# Bike and Duty belt friendly Hi-Vis vest



## TheDanishMedic (Jun 30, 2018)

I'm looking for a comfortable Hi-Vis vest that doesn't exceed the waist/belt.
I often find myself on the bike unit and haven't been able to find a company vest that actually fits nice, that lets me access my duty belt tools. This annoys me on a daily basis, so I want a permanent solution.

So I'm trying to find a mostly plain yellow Hi-Vis vest (Non-Ballistic), with the least amount of pouches, don't want to look tactical, or have them in the way. The reflective stripes have to be silver. 






This vest looks perfect, but haven't been able to locate it. If anyone knows where to get it, please let me know.





This vest almost meets the criteria, but I don't need the water tube/pocket, nor so many pouches. Sadly it appears if I remove the pockets, it will be mesh visible, which I don't like either.
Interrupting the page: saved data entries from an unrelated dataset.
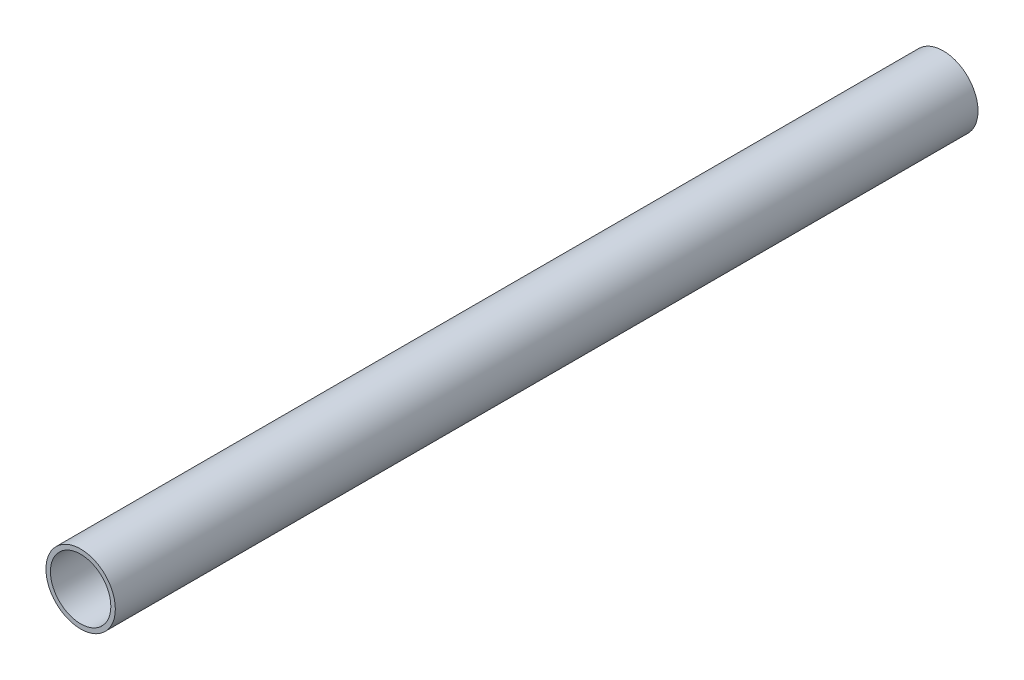
SolidWorks part; units mm, degrees
ref_plane "Front Plane" through (0, 0, 0) normal (0, 0, 1) x (1, 0, 0)
ref_plane "Top Plane" through (0, 0, 0) normal (0, 1, 0) x (1, 0, 0)
ref_plane "Right Plane" through (0, 0, 0) normal (1, 0, 0) x (0, 0, -1)
sketch "Sketch1" plane through (0, 0, 0) normal (0, 0, 1) x (1, 0, 0)
  circle A0 centre (0, 0) radius 30.1625
  dimension "Pipe OD" = 60.325
extrude "Extrude-Thin1" add sketch "Sketch1" along normal mid plane 750 thin thin type one direction reverse wall 3.9116
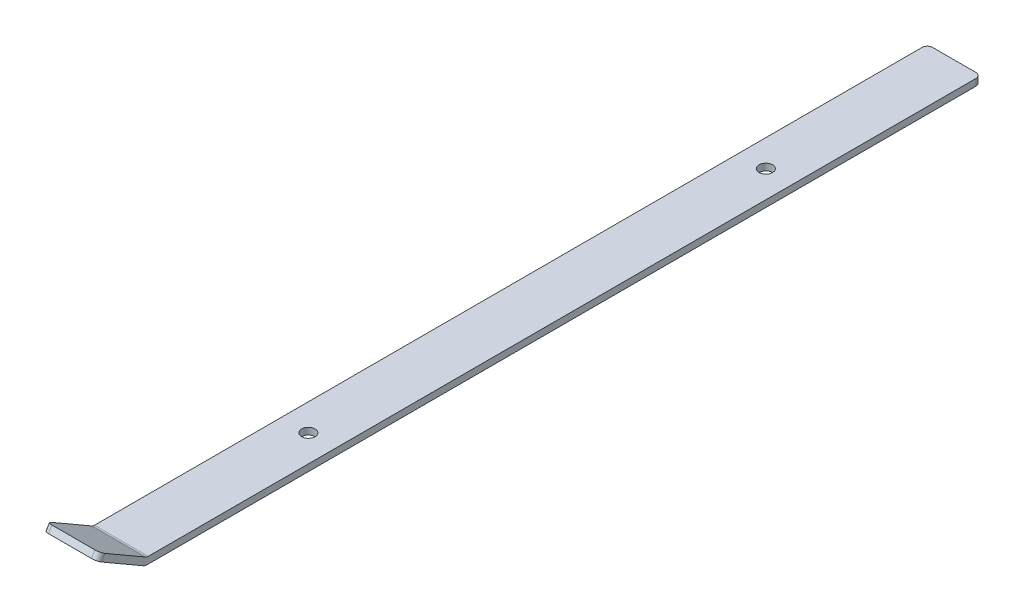
SolidWorks part; units mm, degrees
material "1023 Carbon Steel Sheet (SS)"
ref_plane "Front" through (0, 0, 0) normal (0, 0, 1) x (1, 0, 0)
ref_plane "Top" through (0, 0, 0) normal (0, 1, 0) x (1, 0, 0)
ref_plane "Right" through (0, 0, 0) normal (1, 0, 0) x (0, 0, -1)
sketch "Sketch1" plane through (0, 0, 0) normal (1, 0, 0) x (0, 0, -1)
  line L0 (0, 0) -> (-21.997, 12.7)
  line L1 (0, 0) -> (393.7, 0)
  line L2 (0, 0) -> (0, -3.175) construction
  line L3 (0, -3.175) -> (393.7, -3.175)
  line L4 (393.7, 0) -> (393.7, -3.175)
  line L5 (-21.997, 12.7) -> (-23.5845, 9.9504)
  line L6 (-23.5845, 9.9504) -> (-1.5875, -2.7496)
  arc A0 (0, -3.175) -> (-1.5875, -2.7496) centre (0, 0) cw
  dimension "D1" = 150
  dimension "D2" = 25.4
  dimension "D3" = 393.7
  dimension "D4" = 3.175
extrude "Boss-Extrude1" add sketch "Sketch1" along normal blind 25.4
sketch "Sketch2" plane through (0, 0, 0) normal (0, 1, 0) x (1, 0, 0)
  line L0 (12.7, 0) -> (12.7, 19.1815) construction
  line L2 (25.4, 0) -> (0, 0) construction
  line L3 (25.4, 393.7) -> (0, 393.7) construction
  circle A0 centre (12.7, 88.9) radius 3.175
  circle A1 centre (12.7, 304.8) radius 3.175
  point P3 (12.7, 0)
  dimension "D1" = 6.35
  dimension "D2" = 88.9
  dimension "D3" = 88.9
extrude "Cut-Extrude1" cut sketch "Sketch2" against normal through all
fillet "Fillet1" radius 2.54 5 edges at (0, -1.5875, -393.7) (25.4, -1.5875, -393.7) (0, 11.3252, 22.7908) (25.4, 11.3252, 22.7908) (12.7, 0, 0)
equation "\"12ion\"=3.48165"

As you probably have learned, I have very high expectations, so I hope someone can help me. Thanks!


----------



## Tigger (Jun 30, 2018)

https://statpacks.com/statvest-basic

Worth it.


----------



## TheDanishMedic (Jun 30, 2018)

Tigger said:


> Worth it.


I'm actually currently using the G2, but my issue with that vest is that one-size fits all, and that resulted in I had a lot of excessive velcro straps hanging loose, and to me personally, I don't think that looks professionally. 

Appreciate the input tho!


----------



## Tigger (Jul 2, 2018)

TheDanishMedic said:


> I'm actually currently using the G2, but my issue with that vest is that one-size fits all, and that resulted in I had a lot of excessive velcro straps hanging loose, and to me personally, I don't think that looks professionally.
> 
> Appreciate the input tho!


I am pretty skinny and do not have that issue at all with whatever version is posted.


----------



## Summit (Jul 2, 2018)

TheDanishMedic said:


> I'm actually currently using the G2, but my issue with that vest is that one-size fits all, and that resulted in I had a lot of excessive velcro straps hanging loose, and to me personally, I don't think that looks professionally.
> 
> Appreciate the input tho!


Can you have the straps trimmed?


----------